AI-Driven Self-Help
Saving Cisco $15M annually by enabling self-help on a $1 billion revenue customer experience platform.
Summary
I led a team of 9 in creating a new AI-driven self-help system on Cisco's customer experience SaaS platform.
By showing business analyst estimates of UX-driven outcomes, I influenced stakeholders to pivot the product strategy.
The solution saves Cisco $15M per year by deflecting 3% of the overall support case volume (1.7M in 2024).
Reduction in support operations cost
↓ $ 15M / year
Reduction in support case volume
↓ 3%
Overview
Company
Cisco
Timeline
Nov 2023 – 24
Team (16)
4 Product Designers
2 Visual Designers
3 Content Designers
2 UX Researchers
3 Product Managers
3 Software Engineering Leaders
My role
Lead Designer
Interaction Designer
Visual Designer
Prototyping
Design System
Project Manager
Pivoting A Migration Project
Stakeholders demanded migrating legacy features into the new experience.
I influenced a pivot by providing evidence that a redesign would benefit both sides:
Customers gain access to new AI-powered self-help.
Cisco saves money by customers self-solving instead of engaging in 1:1 support.
Opportunity
“Improving self-help could save Cisco up to $25M / year.”
– Business Analyst, Cisco Customer Support
3 Areas Of Focus
Once I had buy-in for the redesign, I structured the project into three areas to focus the team’s efforts:
Smarter Intake
Streamline support case opening.
Remove clutter.
Helpful Context
Suggest helpful context.
Make sources accessible.
Self-Help Hook
Helpful AI-generated suggestions.
Nudge to provide more information.
Designing A Smarter Intake
The concept centers around generating troubleshooting suggestions from the open-ended issue description.

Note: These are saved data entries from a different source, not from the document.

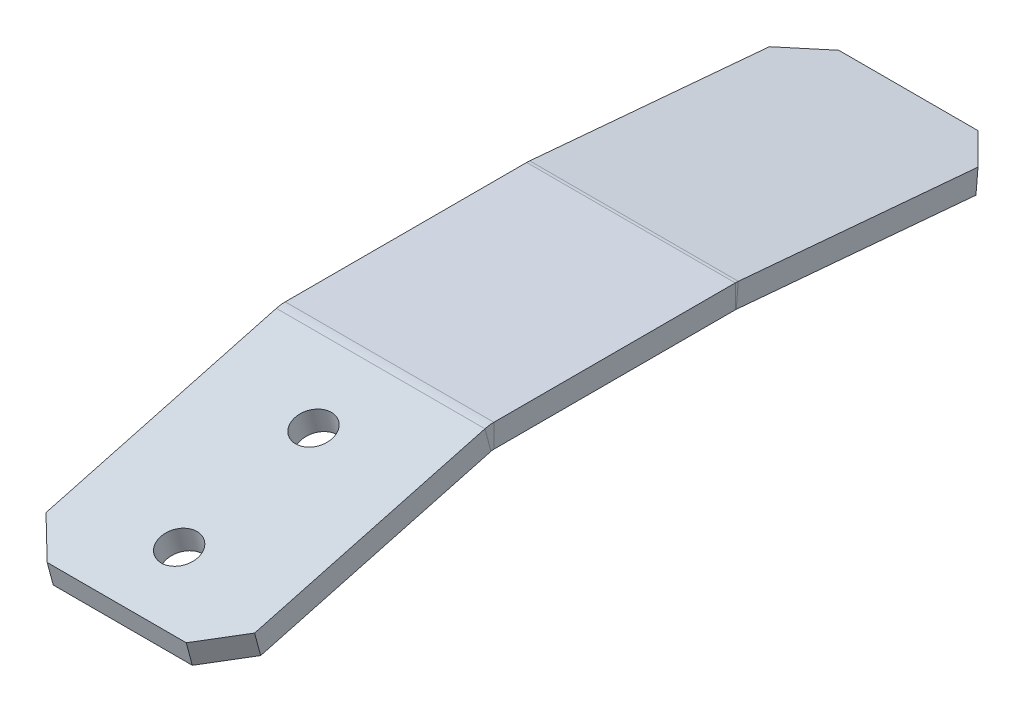
from build123d import *

# Parameters (mm, degrees)
SKETCH1_W                        = 38.1
SKETCH1_H                        = 44.45
BASE_FLANGE1_DEPTH               = 4.2672
EDGE_FLANGE1_STRIP_CUT_DEPTH     = 38.1
EDGE_FLANGE1_DEPTH               = 38.1
EDGE_FLANGE2_STRIP_CUT_DEPTH     = 38.1
EDGE_FLANGE2_DEPTH               = 38.1
CHAMFER1_SIZE                    = 6.35
F_17_64_0_26563_DIAMETER_HOLE1_D = 6.747002


# Sheet-metal steps are written as plain solids
with BuildPart() as part:
    # Sketch1 → Base-Flange1 (new body)
    with BuildSketch(Plane(origin=(0, 0, 0), x_dir=(1, 0, 0), z_dir=(0, 1, 0))):
        Rectangle(SKETCH1_W, SKETCH1_H)
    extrude(amount=-BASE_FLANGE1_DEPTH)

    # Edge-Flange1 strip (across the edge) → Edge-Flange1 strip cut (cut)
    with BuildSketch(Plane(origin=(19.05, -4.2672, 22.225), x_dir=(0, -0.96592582628907, -0.2588190451025146), z_dir=(-1, 0, 0))):
        Polygon((-9.522131081, 19.049882248), (-4.052559965, -1.362835054), (0.069238721, -0.258402425), (-5.400332395, 20.154314877), align=None)
    extrude(amount=EDGE_FLANGE1_STRIP_CUT_DEPTH, mode=Mode.SUBTRACT)

    # Edge-Flange1 section (across the edge) → Edge-Flange1 (add)
    with BuildSketch(Plane(origin=(19.05, -4.2672, 22.225), x_dir=(0, -0.96592582628907, -0.2588190451025146), z_dir=(-1, 0, 0))):
        with BuildLine():
            Line((-4.2672, 0.267517875), (-4.2672, 50.17300498))
            Line((-4.2672, 50.17300498), (0, 50.17300498))
            Line((0, 50.17300498), (0, 0.267517875))
            ThreePointArc((0, 0.267517875), (0.017384042, 0.002288653), (0.069238721, -0.258402425))
            Line((0.069238721, -0.258402425), (-4.052559965, -1.362835054))
            ThreePointArc((-4.052559965, -1.362835054), (-4.213309471, -0.554692715), (-4.2672, 0.267517875))
        make_face()
    extrude(amount=EDGE_FLANGE1_DEPTH)

    # Edge-Flange2 strip (across the edge) → Edge-Flange2 strip cut (cut)
    with BuildSketch(Plane(origin=(-19.05, -4.2672, -22.225), x_dir=(0, -0.9961946980917461, 0.08715574274765156), z_dir=(1, 0, 0))):
        Polygon((-6.085074523, 20.592090897), (-4.243229642, -0.460292419), (0.007732373, -0.088381433), (-1.834112507, 20.964001883), align=None)
    extrude(amount=EDGE_FLANGE2_STRIP_CUT_DEPTH, mode=Mode.SUBTRACT)

    # Edge-Flange2 section (across the edge) → Edge-Flange2 (add)
    with BuildSketch(Plane(origin=(-19.05, -4.2672, -22.225), x_dir=(0, -0.9961946980917461, 0.08715574274765156), z_dir=(1, 0, 0))):
        with BuildLine():
            Line((-4.2672, 0.088719036), (-4.2672, 50.38333524))
            Line((-4.2672, 50.38333524), (0, 50.38333524))
            Line((0, 50.38333524), (0, 0.088719036))
            ThreePointArc((0, 0.088719036), (0.001934014, 8.4441e-05), (0.007732373, -0.088381433))
            Line((0.007732373, -0.088381433), (-4.243229642, -0.460292419))
            ThreePointArc((-4.243229642, -0.460292419), (-4.261204557, -0.186048209), (-4.2672, 0.088719036))
        make_face()
    extrude(amount=EDGE_FLANGE2_DEPTH)

    # Chamfer1
    chamfer1_edges = [part.edges().sort_by_distance(p)[0] for p in [
        (19.05, -15.192029896, 71.240617608),
        (-19.05, -15.192029896, 71.240617608),
        (-19.05, -6.532915997, -72.602566931),
        (19.05, -6.532915997, -72.602566931),
    ]]
    chamfer(chamfer1_edges, length=CHAMFER1_SIZE)

    # 17/64 (0.26563) Diameter Hole1 (through all)
    with Locations(Plane(origin=(0, 5.696696884, 1.52642533), x_dir=(1, 0, 0), z_dir=(0, 0.9659258262890699, 0.25881904510251463))):
        with Locations((0, -35.539651994), (0, -60.939651994)):
            Hole(F_17_64_0_26563_DIAMETER_HOLE1_D / 2)


solid = part.part

Trained on Cisco’s 40 years of resolving 1.7M (as of 2024) support cases annually, a proprietary LLM generates troubleshooting suggestions from the issue description of a support case.
Removing clutter simplified the workflow:
moving asset information into the stepper and
auto-generating several form fields so users don’t have to.
Designing For Trust
Interviewees feared hallucinations, meaning AI can generate false information.
Users became more trusting when I designed these:
Clear relationships between suggestions and sources
Accessible sources to verify truth and credibility.
Cutting Clutter
I discovered 3 troubleshooting phases, each using different information:
Gather context based on the selected asset,
Describe the issue and troubleshoot, and
Continue to open a case.
As users go through the phases, only relevant information is shown while previous info collapses.
Before
After
Making Context Helpful
28% of Cisco’s support cases could be resolved quickly just by providing information.
Contextual suggestions provide relevant information upfront, like related cases and security threats.
A filter rule prevents opening a support case if an asset is already in the replacement process (RMA).
Self-Help Hook
A checklist turned out to be the ideal format to present self-help suggestions.
Checking off suggestions lets users generate better suggestions based on what they had tried before.
Users were increasingly motivated to use the feature
The checklist gets passed to support to speed up resolution.
$15M Annual Cost Reduction
Instead of opening a ticket for every little issue, customers can now self-solve effectively.
Business analysts estimate that Cisco’s overall support case volume will decrease by 3%, resulting in $15M per year in savings in support operations costs.
Reduction in support case volume
↓ 3%
Reduction in support operations costs
↓ $ 15M / year
Exploring The Future
Customers used to buy Cisco because of their best-in-class customer support.
What about moving forward?
I explored strategic evolutions of leveling-up support case management.
Exploration #1
Self-Help Copilot
An AI assistant helps users self-solve issues through an open-ended conversation in natural language.
Copilot can:
Ask questions to clarify,
Based on the input, find assets and threats in the network environment, and
Fix the problem for the user.
Exploration #2
Support cases area
Customer support on Cisco’s CX Cloud was basic: a list of open support cases with a button to open a new one.
I explored growing case management into a holistic support area covering more of the customer support journey.